Segundo a psicanalista, a exposição precoce é responsável por efeitos subjetivos diversos, conforme o contexto de cada um. “A restrição ou apagamento da privacidade e a excessiva exposição afetam a imagem que a criança precisa construir de si, podendo levar a quadros de ansiedade excessiva, transtornos alimentares, insegurança e distorção da imagem, e ainda depressão, entre tantos outros.”
Ela destaca que o compartilhamento da imagem pode provocar admiração instantânea, mas, ao mesmo tempo, invocar “um ódio pelo sentimento de impotência diante da impossibilidade de alcançar para si aquele mundo sem os limites impostos pela vida real”.
No entendimento da especialista, as críticas e a desqualificação maciça emergem como recurso do público para lidar com suas próprias limitações. “Assim, os filhos, que deveriam ser protegidos pelos adultos, são lançados no desamparo, em um momento no qual ainda não têm os recursos subjetivos para lidar com as consequências advindas.”

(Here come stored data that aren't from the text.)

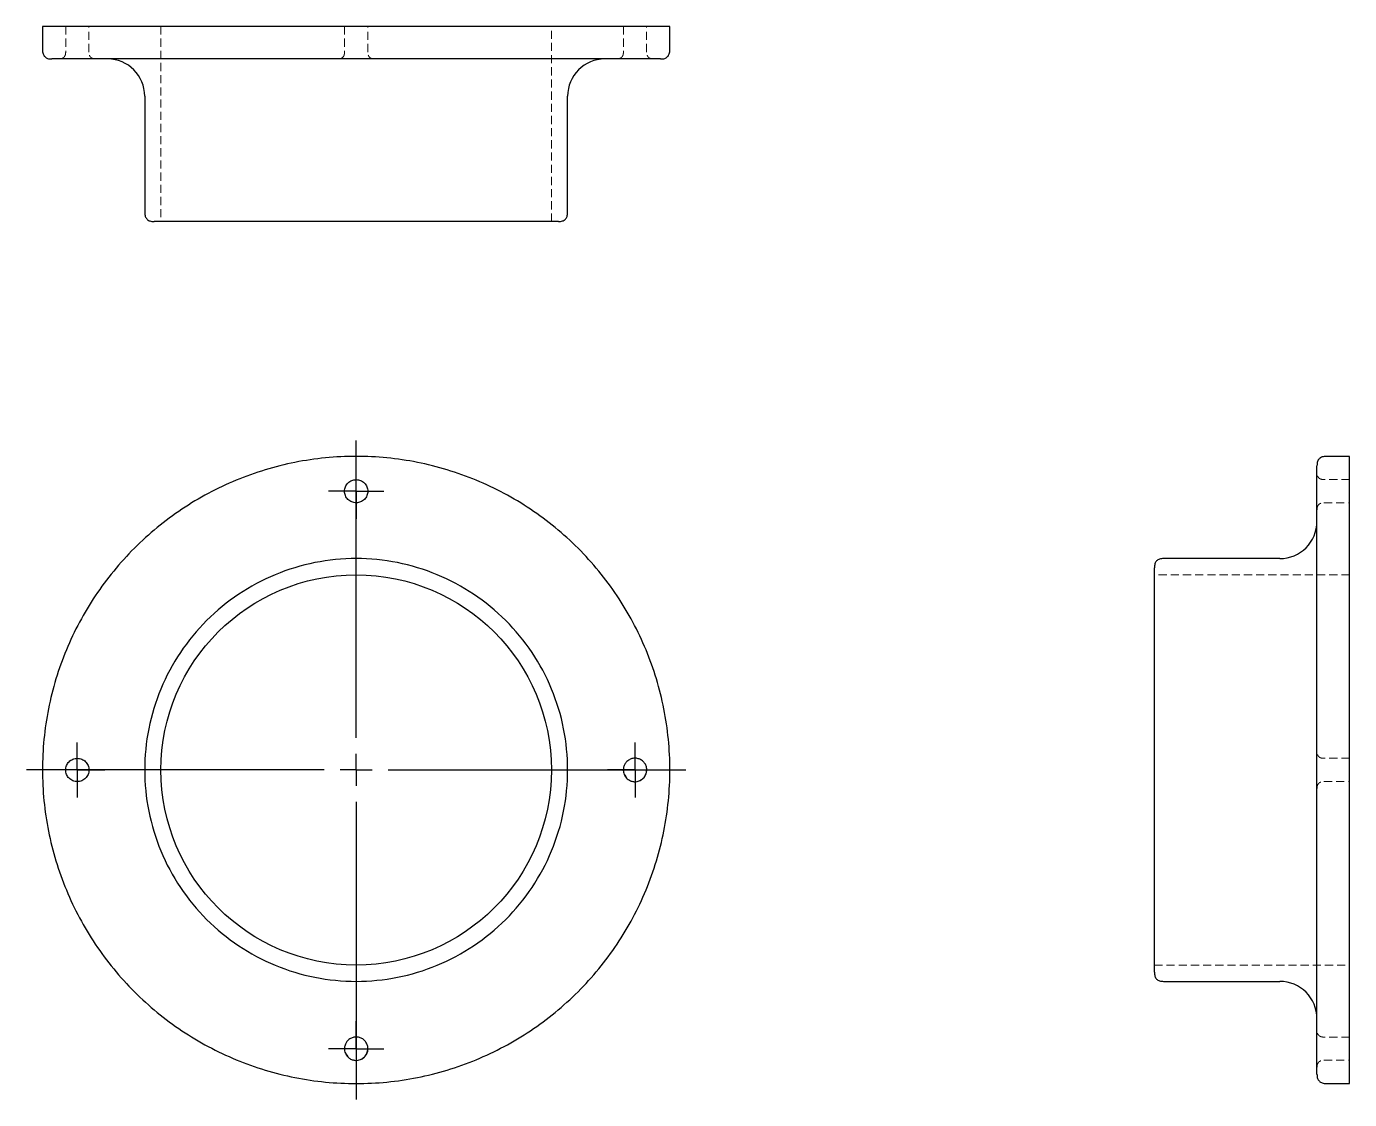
# Model space of a CAD drawing. Header units: millimetres. Extents: x 31 to 238, y 5 to 173.
import ezdxf

# ---------------------------------------------------------------- set-up
doc = ezdxf.new("R2010")
doc.units = ezdxf.units.MM
doc.linetypes.add('HIDDEN', pattern=[1.905, 1.27, -0.635])
doc.layers.add('10', color=7, linetype='Continuous')

# ---------------------------------------------------------------- blocks, each defined once
blk = doc.blocks.new('SW_CENTERMARKSYMBOL_0')
at = {"layer": '10', "color": 0}
for p, q in [((0, 2.5), (0, 4.32)), ((0, 0), (0, 2.5)), ((-2.5, 0), (-4.32, 0)), ((0, 0), (-2.5, 0)), ((0, 0), (0, -2.5)), ((0, 0), (2.5, 0)), ((2.5, 0), (4.32, 0)), ((0, -2.5), (0, -4.32))]:
    blk.add_line(p, q, dxfattribs=at)
blk = doc.blocks.new('SW_CENTERMARKSYMBOL_1')
at = {"layer": '10', "color": 0}
for p, q in [((0, 2.5), (0, 4.32)), ((0, 0), (0, 2.5)), ((-2.5, 0), (-4.32, 0)), ((0, 0), (-2.5, 0)), ((0, 0), (0, -2.5)), ((0, 0), (2.5, 0)), ((2.5, 0), (4.32, 0)), ((0, -2.5), (0, -4.32))]:
    blk.add_line(p, q, dxfattribs=at)
blk = doc.blocks.new('SW_CENTERMARKSYMBOL_2')
at = {"layer": '10', "color": 0}
for p, q in [((0, 2.5), (0, 4.32)), ((0, 0), (0, 2.5)), ((-2.5, 0), (-4.32, 0)), ((0, 0), (-2.5, 0)), ((0, 0), (0, -2.5)), ((0, 0), (2.5, 0)), ((2.5, 0), (4.32, 0)), ((0, -2.5), (0, -4.32))]:
    blk.add_line(p, q, dxfattribs=at)
blk = doc.blocks.new('SW_CENTERMARKSYMBOL_3')
at = {"layer": '10', "color": 0}
for p, q in [((0, 2.5), (0, 4.32)), ((0, 0), (0, 2.5)), ((-2.5, 0), (-4.32, 0)), ((0, 0), (-2.5, 0)), ((0, 0), (0, -2.5)), ((0, 0), (2.5, 0)), ((2.5, 0), (4.32, 0)), ((0, -2.5), (0, -4.32))]:
    blk.add_line(p, q, dxfattribs=at)
blk = doc.blocks.new('SW_CENTERMARKSYMBOL_4')
at = {"layer": '10', "color": 0}
for p, q in [((0, 5), (0, 51.53)), ((0, 0), (0, 2.5)), ((-5, 0), (-51.53, 0)), ((0, 0), (-2.5, 0)), ((0, 0), (0, -2.5)), ((0, 0), (2.5, 0)), ((5, 0), (51.53, 0)), ((0, -5), (0, -51.53))]:
    blk.add_line(p, q, dxfattribs=at)

msp = doc.modelspace()

# ---------------------------------------------------------------- linework, layer by layer
at = {"color": 7, "linetype": 'Continuous', "lineweight": 25}
for p, q in [((33.97, 173.26), (33.97, 169.62)), ((132.03, 173.26), (33.97, 173.26)), ((132.03, 169.62), (132.03, 173.26)), ((49.95, 162.36), (49.95, 144.2)), ((116.05, 144.2), (116.05, 162.36)), ((238.26, 106.03), (234.62, 106.03)), ((238.26, 57), (238.26, 106.03)), ((227.36, 90.05), (209.2, 90.05)), ((124.97, 56.22), (125.27, 55.76)), ((207.75, 25.4), (207.75, 57)), ((238.26, 7.97), (238.26, 57)), ((209.2, 23.95), (227.36, 23.95)), ((81.38, 12.63), (81.68, 12.18)), ((234.62, 7.97), (238.26, 7.97))]:
    msp.add_line(p, q, dxfattribs=at)
at = {"color": 7, "linetype": 'HIDDEN', "lineweight": 18}
for p, q in [((37.6, 173.26), (37.6, 169.26)), ((41.23, 169.26), (41.23, 173.26)), ((52.49, 173.26), (52.49, 142.75)), ((81.18, 173.26), (81.18, 169.26)), ((84.82, 169.26), (84.82, 173.26)), ((113.51, 142.75), (113.51, 173.26)), ((124.77, 173.26), (124.77, 169.26)), ((128.4, 169.26), (128.4, 173.26)), ((238.26, 102.4), (234.26, 102.4)), ((234.26, 98.77), (238.26, 98.77)), ((238.26, 87.51), (207.75, 87.51)), ((238.26, 58.82), (234.26, 58.82)), ((234.26, 55.18), (238.26, 55.18)), ((207.75, 26.49), (238.26, 26.49)), ((238.26, 15.23), (234.26, 15.23)), ((234.26, 11.6), (238.26, 11.6))]:
    msp.add_line(p, q, dxfattribs=at)
at = {"color": 7, "linetype": 'Continuous', "lineweight": 25}
msp.add_circle((83, 57), 30.51, dxfattribs=at)
for centre, start, end in [((44.14, 162.36), 0, 90), ((121.86, 162.36), 90, 180), ((227.36, 95.86), 270, 0), ((227.36, 18.14), 0, 90)]:
    msp.add_arc(centre, 5.81, start, end, dxfattribs=at)
for points, knots in [([(33.97, 169.62), (33.98, 169.41), (34, 169.1), (34.16, 168.74), (34.32, 168.53), (34.53, 168.36), (34.89, 168.2), (35.2, 168.18), (35.42, 168.17)], [0, 0, 0, 0, 0.273177, 0.389879, 0.5, 0.610121, 0.726823, 1, 1, 1, 1]), ([(130.58, 168.17), (130.8, 168.18), (131.11, 168.2), (131.47, 168.36), (131.68, 168.53), (131.84, 168.74), (132, 169.1), (132.02, 169.41), (132.03, 169.62)], [0, 0, 0, 0, 0.273177, 0.389879, 0.5, 0.610121, 0.726823, 1, 1, 1, 1]), ([(130.58, 168.17), (130.58, 168.17), (130.16, 168.17), (128.74, 168.17), (126.71, 168.17), (123.82, 168.17), (120.14, 168.17), (116.01, 168.17), (111.22, 168.17), (105.89, 168.17), (100.29, 168.17), (94.33, 168.17), (88.15, 168.17), (81.94, 168.17), (75.71, 168.17), (69.62, 168.17), (63.75, 168.17), (58.21, 168.17), (53.14, 168.17), (48.49, 168.17), (44.47, 168.17), (41.2, 168.17), (38.48, 168.17), (36.61, 168.17), (35.62, 168.17), (35.43, 168.17), (35.42, 168.17), (35.42, 168.17)], [0, 0, 0, 0, 0.0296875, 0.0452734, 0.0608594, 0.0921055, 0.1077304, 0.1233553, 0.1546053, 0.1702303, 0.1858553, 0.2171053, 0.2327303, 0.2483553, 0.2796053, 0.2952303, 0.3108553, 0.3421053, 0.3577303, 0.3733553, 0.4046053, 0.4202303, 0.4358553, 0.4671053, 0.4827303, 0.4983553, 0.5, 0.5, 0.5, 0.5]), ([(49.95, 144.2), (49.96, 143.98), (49.98, 143.67), (50.14, 143.31), (50.3, 143.1), (50.51, 142.94), (50.88, 142.78), (51.18, 142.76), (51.4, 142.75)], [0, 0, 0, 0, 0.273177, 0.389879, 0.5, 0.610121, 0.726823, 1, 1, 1, 1]), ([(114.6, 142.75), (114.6, 142.75), (114.22, 142.75), (112.51, 142.75), (109.62, 142.75), (105.72, 142.75), (100.94, 142.75), (95.47, 142.75), (89.53, 142.75), (83.33, 142.75), (77.12, 142.75), (71.13, 142.75), (65.61, 142.75), (60.74, 142.75), (56.75, 142.75), (53.74, 142.75), (51.88, 142.75), (51.41, 142.75), (51.4, 142.75), (51.4, 142.75)], [0, 0, 0, 0, 0.0296875, 0.0608594, 0.0921055, 0.1233553, 0.1546053, 0.1858553, 0.2171053, 0.2483553, 0.2796053, 0.3108553, 0.3421053, 0.3733553, 0.4046053, 0.4358553, 0.4671053, 0.4983553, 0.5, 0.5, 0.5, 0.5]), ([(114.6, 142.75), (114.82, 142.76), (115.12, 142.78), (115.49, 142.94), (115.7, 143.1), (115.86, 143.31), (116.02, 143.67), (116.04, 143.98), (116.05, 144.2)], [0, 0, 0, 0, 0.273177, 0.389879, 0.5, 0.610121, 0.726823, 1, 1, 1, 1]), ([(132.03, 57), (132.03, 53.79), (131.72, 50.58), (130.47, 44.29), (129.53, 41.2), (127.07, 35.27), (125.55, 32.43), (121.99, 27.09), (119.94, 24.6), (115.4, 20.06), (112.91, 18.01), (107.57, 14.45), (104.73, 12.93), (98.8, 10.47), (95.71, 9.53), (89.42, 8.28), (86.21, 7.97), (79.79, 7.97), (76.58, 8.28), (70.29, 9.53), (67.2, 10.47), (61.27, 12.93), (58.43, 14.45), (53.09, 18.01), (50.6, 20.06), (46.06, 24.6), (44.01, 27.09), (40.45, 32.43), (38.93, 35.27), (36.47, 41.2), (35.53, 44.29), (34.28, 50.58), (33.97, 53.79), (33.97, 60.21), (34.28, 63.42), (35.53, 69.71), (36.47, 72.8), (38.93, 78.73), (40.45, 81.57), (44.01, 86.91), (46.06, 89.4), (50.6, 93.94), (53.09, 95.99), (58.43, 99.55), (61.27, 101.07), (67.2, 103.53), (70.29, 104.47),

Ela complementa: “Sem contar com a devastação provocada quando estão submetidas a um mau uso dessas imagens, que pode desencadear quadros ainda mais graves como, por exemplo, pensamentos ou mesmo atos suicidas”.
Humanização
De acordo com a diretora nacional do IBDFAM, as redes sociais dão a falsa sensação de que não existem limites. “Os avanços tecnológicos facilitaram a vida de todos, mas não podemos cair no engodo de que eles podem substituir alguns pontos estruturais e que garantem nossa humanidade.
Viver, segundo a especialista, é uma tarefa complexa e implica em renúncias e uma boa dose de mal-estar, impossíveis de serem abolidos. “Os relacionamentos humanos são complexos. Criar e educar filhos é tarefa árdua e requer presença e disponibilidade.”
“As telas e as redes sociais não podem funcionar como garantidores de algumas transmissões fundamentais na relação parental. A transmissão da dimensão desejante, que sustenta e possibilita a humanização de cada um, se dá no caminho da convivência e da troca de afeto. Assim, uma criança elabora respostas e constrói posicionamentos diante dos desafios da vida”, aponta.
Claudia Pretti conclui que os pais não podem se demitir dessa tarefa ou substituí-la por uma imagem idealizada construída nas redes. “Esse é um desafio e uma boa forma de proteger os filhos, como sujeitos de direito e de desejo”, finaliza.